Please can you tell us …. How do we get UK TV channels in to our lounge?? 
We have just had internet connected (at last). We have heard of various XBMC or KODI boxes that can be used, with many variations for sale on the internet!

Please advise what is the best method (price; ease of installation; least wires & dishes), as we are NOT good with technology?
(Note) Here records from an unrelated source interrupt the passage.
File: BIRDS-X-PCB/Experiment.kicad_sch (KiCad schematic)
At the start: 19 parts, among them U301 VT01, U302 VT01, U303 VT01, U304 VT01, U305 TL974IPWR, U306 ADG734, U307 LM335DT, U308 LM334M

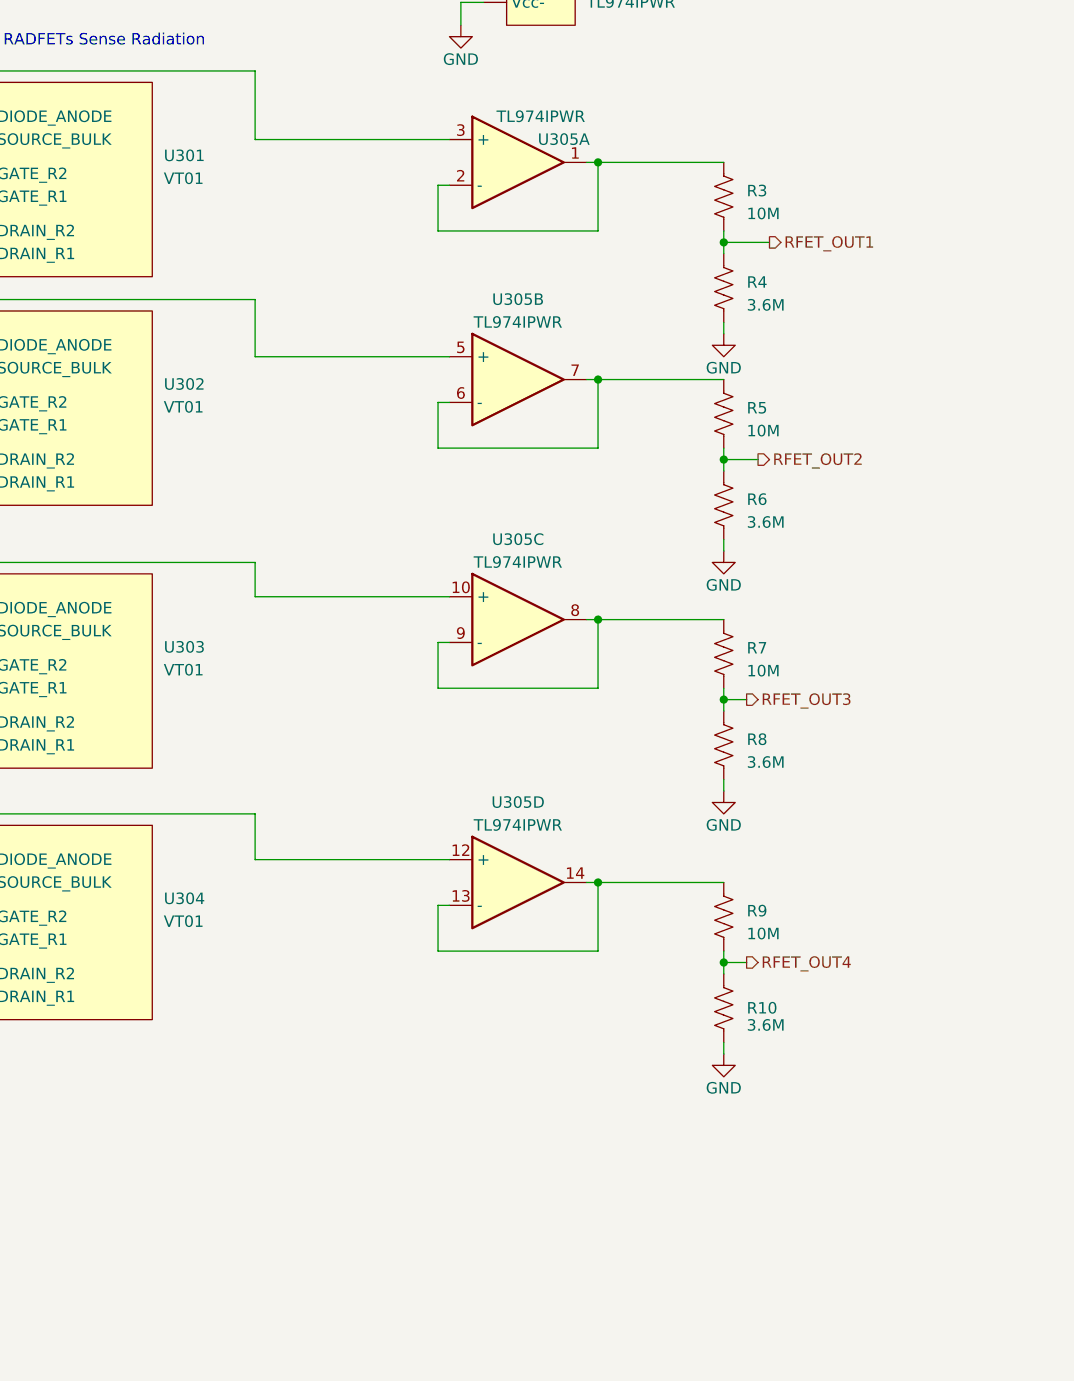
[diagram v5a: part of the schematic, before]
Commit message: Finish footprints assignment
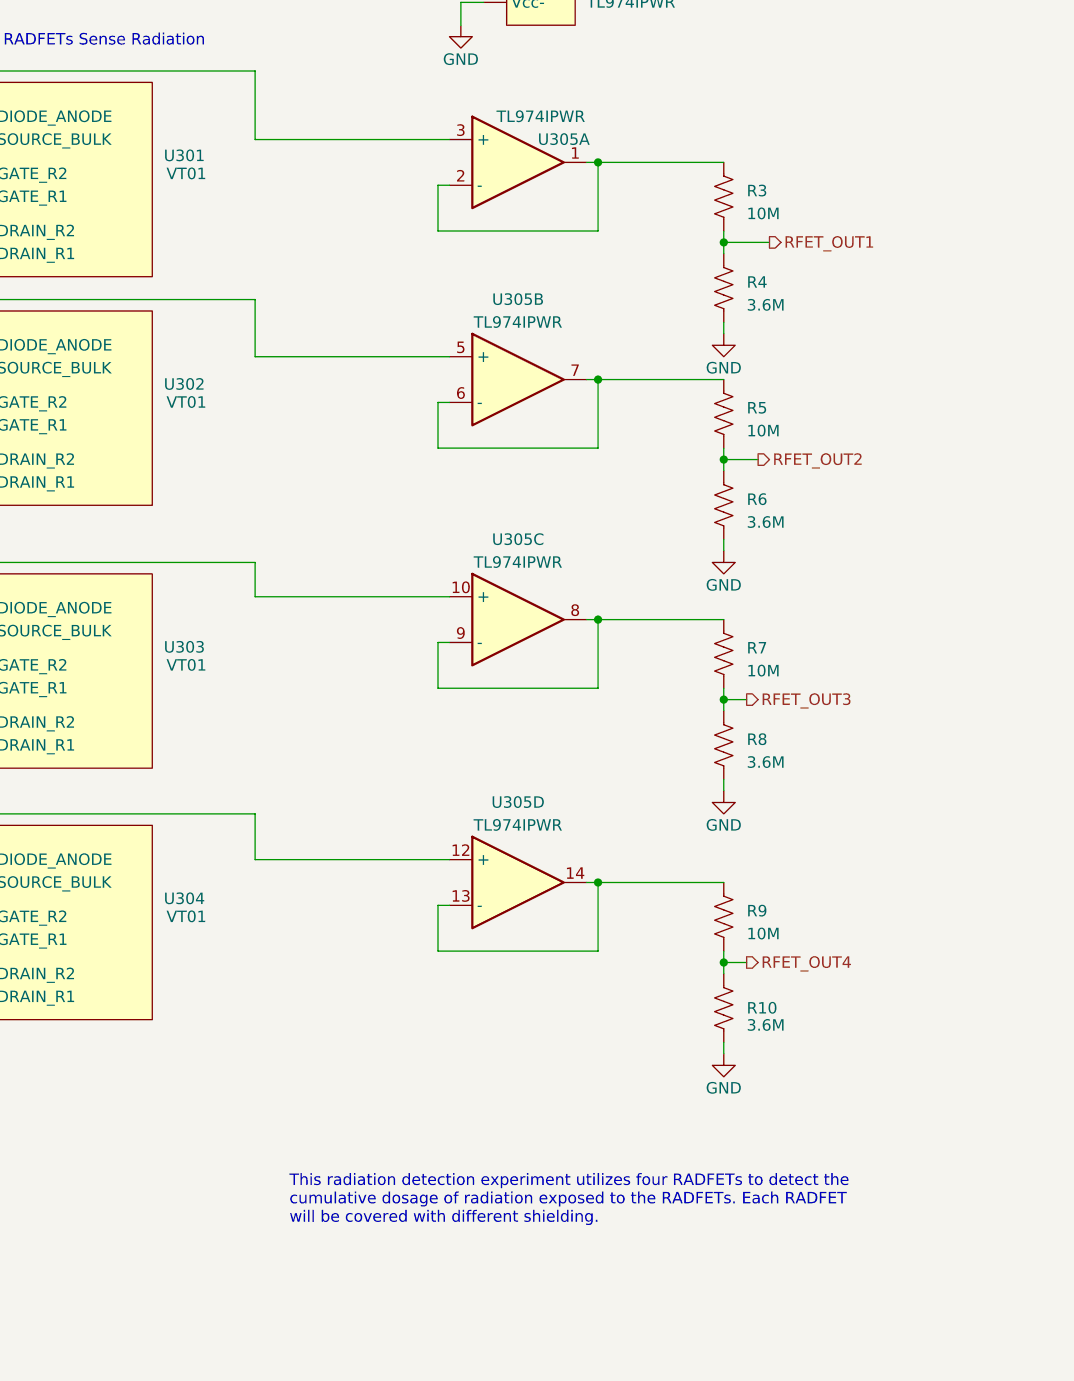
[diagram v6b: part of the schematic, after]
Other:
- note added: "This radiation detection experiment utilizes four RADFETs to detect the cumulative dosage of radiation exposed to the RADFETs. Each RADFET will be covered with different shielding."
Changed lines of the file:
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@@
+    (effects (font (size 1.27 1.27)) (justify left bottom))
+  )
+  (text "This radiation detection experiment utilizes four RADFETs to detect the\ncumulative dosage of radiation exposed to the RADFETs. Each RADFET \nwill be covered with different shielding."
+    (at 161.29 180.34 0)
     (effects (font (size 1.27 1.27)) (justify left bottom))
   )
@@
   )
   (symbol (lib_id "BIRDS-X_Symbols_Lib:VT01_Radfet") (at 137.16 85.09 0) (unit 1)
-    (in_bom yes) (on_board yes) (dnp no) (fields_autoplaced)
+    (in_bom yes) (on_board yes) (dnp no)
     (property "Reference" "U302" (at 147.32 86.8957 0)
       (effects (font (size 1.27 1.27)) (justify left))
     )
-    (property "Value" "VT01" (at 147.32 89.4357 0)
-      (effects (font (size 1.27 1.27)) (justify left))
+    (property "Value" "VT01" (at 149.86 88.9 0)
+      (effects (font (size 1.27 1.27)))
     )
     (property "Footprint" "" (at 137.16 85.09 0)
@@
   )
   (symbol (lib_id "BIRDS-X_Symbols_Lib:VT01_Radfet") (at 137.16 142.24 0) (unit 1)
-    (in_bom yes) (on_board yes) (dnp no) (fields_autoplaced)
+    (in_bom yes) (on_board yes) (dnp no)
     (property "Reference" "U304" (at 147.32 144.0457 0)
       (effects (font (size 1.27 1.27)) (justify left))
     )
-    (property "Value" "VT01" (at 147.32 146.5857 0)
-      (effects (font (size 1.27 1.27)) (justify left))
+    (property "Value" "VT01" (at 149.86 146.05 0)
+      (effects (font (size 1.27 1.27)))
     )
     (property "Footprint" "" (at 137.16 142.24 0)
@@
   )
   (symbol (lib_id "BIRDS-X_Symbols_Lib:VT01_Radfet") (at 137.16 114.3 0) (unit 1)
-    (in_bom yes) (on_board yes) (dnp no) (fields_autoplaced)
+    (in_bom yes) (on_board yes) (dnp no)
     (property "Reference" "U303" (at 147.32 116.1057 0)
       (effects (font (size 1.27 1.27)) (justify left))
     )
-    (property "Value" "VT01" (at 147.32 118.6457 0)
-      (effects (font (size 1.27 1.27)) (justify left))
+    (property "Value" "VT01" (at 149.86 118.11 0)
+      (effects (font (size 1.27 1.27)))
     )
     (property "Footprint" "" (at 137.16 114.3 0)
@@
   )
   (symbol (lib_id "BIRDS-X_Symbols_Lib:VT01_Radfet") (at 137.16 59.69 0) (unit 1)
-    (in_bom yes) (on_board yes) (dnp no) (fields_autoplaced)
+    (in_bom yes) (on_board yes) (dnp no)
     (property "Reference" "U301" (at 147.32 61.4957 0)
       (effects (font (size 1.27 1.27)) (justify left))
     )
-    (property "Value" "VT01" (at 147.32 64.0357 0)
-      (effects (font (size 1.27 1.27)) (justify left))
+    (property "Value" "VT01" (at 149.86 63.5 0)
+      (effects (font (size 1.27 1.27)))
     )
     (property "Footprint" "" (at 137.16 59.69 0)

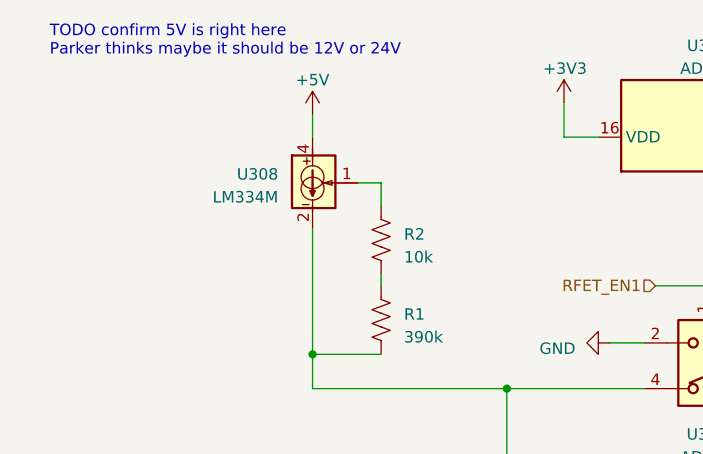
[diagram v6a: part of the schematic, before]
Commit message: Add core restricted layouts and lock them
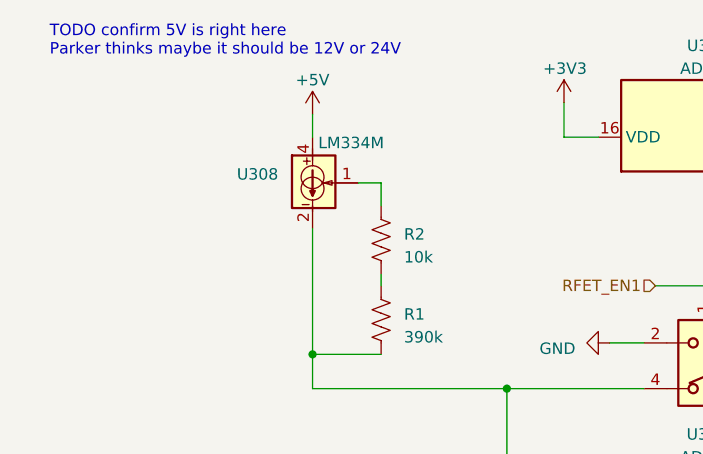
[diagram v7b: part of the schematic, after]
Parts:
- U301, U302, U303, U304: footprint (none) -> Package_SO:SO-6_4.4x3.6mm_P1.27mm
- U308: symbol Reference_Current:LM334M -> BIRDS-X_Symbols_Lib:LM334M
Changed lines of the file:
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@@
       (effects (font (size 1.27 1.27)))
     )
-    (property "Footprint" "" (at 137.16 85.09 0)
+    (property "Footprint" "Package_SO:SO-6_4.4x3.6mm_P1.27mm" (at 137.16 85.09 0)
       (effects (font (size 1.27 1.27)) hide)
     )
@@
     )
   )
-  (symbol (lib_id "Reference_Current:LM334M") (at 54.61 36.83 0) (unit 1)
+  (symbol (lib_id "BIRDS-X_Symbols_Lib:LM334M") (at 54.61 36.83 0) (unit 1)
     (in_bom yes) (on_board yes) (dnp no) (fields_autoplaced)
     (property "Reference" "U308" (at 50.8 35.8775 0)
       (effects (font (size 1.27 1.27)) (justify right))
     )
-    (property "Value" "LM334M" (at 50.8 38.4175 0)
-      (effects (font (size 1.27 1.27)) (justify right))
+    (property "Value" "LM334M" (at 55.245 32.385 0)
+      (effects (font (size 1.27 1.27)) (justify left))
     )
     (property "Footprint" "Package_SO:SOIC-8_3.9x4.9mm_P1.27mm" (at 55.245 40.64 0)
@@
     (pin "3")
     (pin "4")
+    (pin "5")
     (pin "6")
     (pin "7")
+    (pin "8")
     (instances
       (project "BIRDS-X-PCB"
@@
       (effects (font (size 1.27 1.27)))
     )
-    (property "Footprint" "" (at 137.16 142.24 0)
+    (property "Footprint" "Package_SO:SO-6_4.4x3.6mm_P1.27mm" (at 137.16 142.24 0)
       (effects (font (size 1.27 1.27)) hide)
     )
@@
       (effects (font (size 1.27 1.27)))
     )
-    (property "Footprint" "" (at 137.16 114.3 0)
+    (property "Footprint" "Package_SO:SO-6_4.4x3.6mm_P1.27mm" (at 137.16 114.3 0)
       (effects (font (size 1.27 1.27)) hide)
     )
@@
       (effects (font (size 1.27 1.27)))
     )
-    (property "Footprint" "" (at 137.16 59.69 0)
-      (effects (font (size 1.27 1.27)) hide)
-    )
+    (property "Footprint" "Package_SO:SO-6_4.4x3.6mm_P1.27mm" (at 137.16 59.69 0)
+      (effects (font (size 1.27 1.27)) hide)
+    )

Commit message: Add notes from schematic review session
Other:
- note added: "TODO add diode for temperature correction, and check new resistor calcs."
- note added: "TODO confirm if a single current source is adequate (maybe it should be 4x, if we want to measure them simultaneously)"
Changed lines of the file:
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@@
+    (effects (font (size 1.27 1.27)) (justify left bottom))
+  )
+  (text "TODO add diode for temperature correction,\nand check new resistor calcs."
+    (at 29.21 74.93 0)
     (effects (font (size 1.27 1.27)) (justify left bottom))
   )
@@
     (effects (font (size 1.27 1.27)) (justify left bottom))
   )
+  (text "TODO confirm if a single current\nsource is adequate (maybe it should be 4x,\nif we want to measure them simultaneously)"
+    (at 29.21 67.31 0)
+    (effects (font (size 1.27 1.27)) (justify left bottom))
+  )

Thanks & hope to hear back soon
:fingerscrossed:


----------



## NickZ (Jun 26, 2009)

Jakes Place said:


> Please advise what is the best method (price; ease of installation; least wires & dishes), as we are NOT good with technology?
> :



If your TV has a HDMI connection (All newer ones do) get a Chromecast. Amazon stopped selling them but you can order direct from Google. Locally shops can carry them but it's easier to mail order. If you've got a half decent internet connection then just use filmon.tv

https://www.google.com/intl/it_it/c...cpPNGX_XnTXtsps12kxnBDUAaazLz686RoaAi968P8HAQ

FILMON TV FREE LIVE TV MOVIES AND SOCIAL TELEVISION

Easy enough if you have a smart phone or a tablet to cast the image to your TV. Easier to do then to explain.


----------



## pudd 2 (Dec 10, 2008)

Jakes Place said:


> Please can any of you help, we have recently moved to Atessa area of Abruzzo, and have been waiting for 8 weeks to have ANY kind of TV to watch.
> 
> Please can you tell us …. How do we get UK TV channels in to our lounge??
> We have just had internet connected (at last). We have heard of various XBMC or KODI boxes that can be used, with many variations for sale on the internet!
> ...


hello nieber we are 20 kms apart its easy just run film on through a lapttop ect with a usb cable as we do if you need any help or to se how it works contact us we watch corry the lot easy and dont cost nothing


----------



## valenciasman (Jan 14, 2016)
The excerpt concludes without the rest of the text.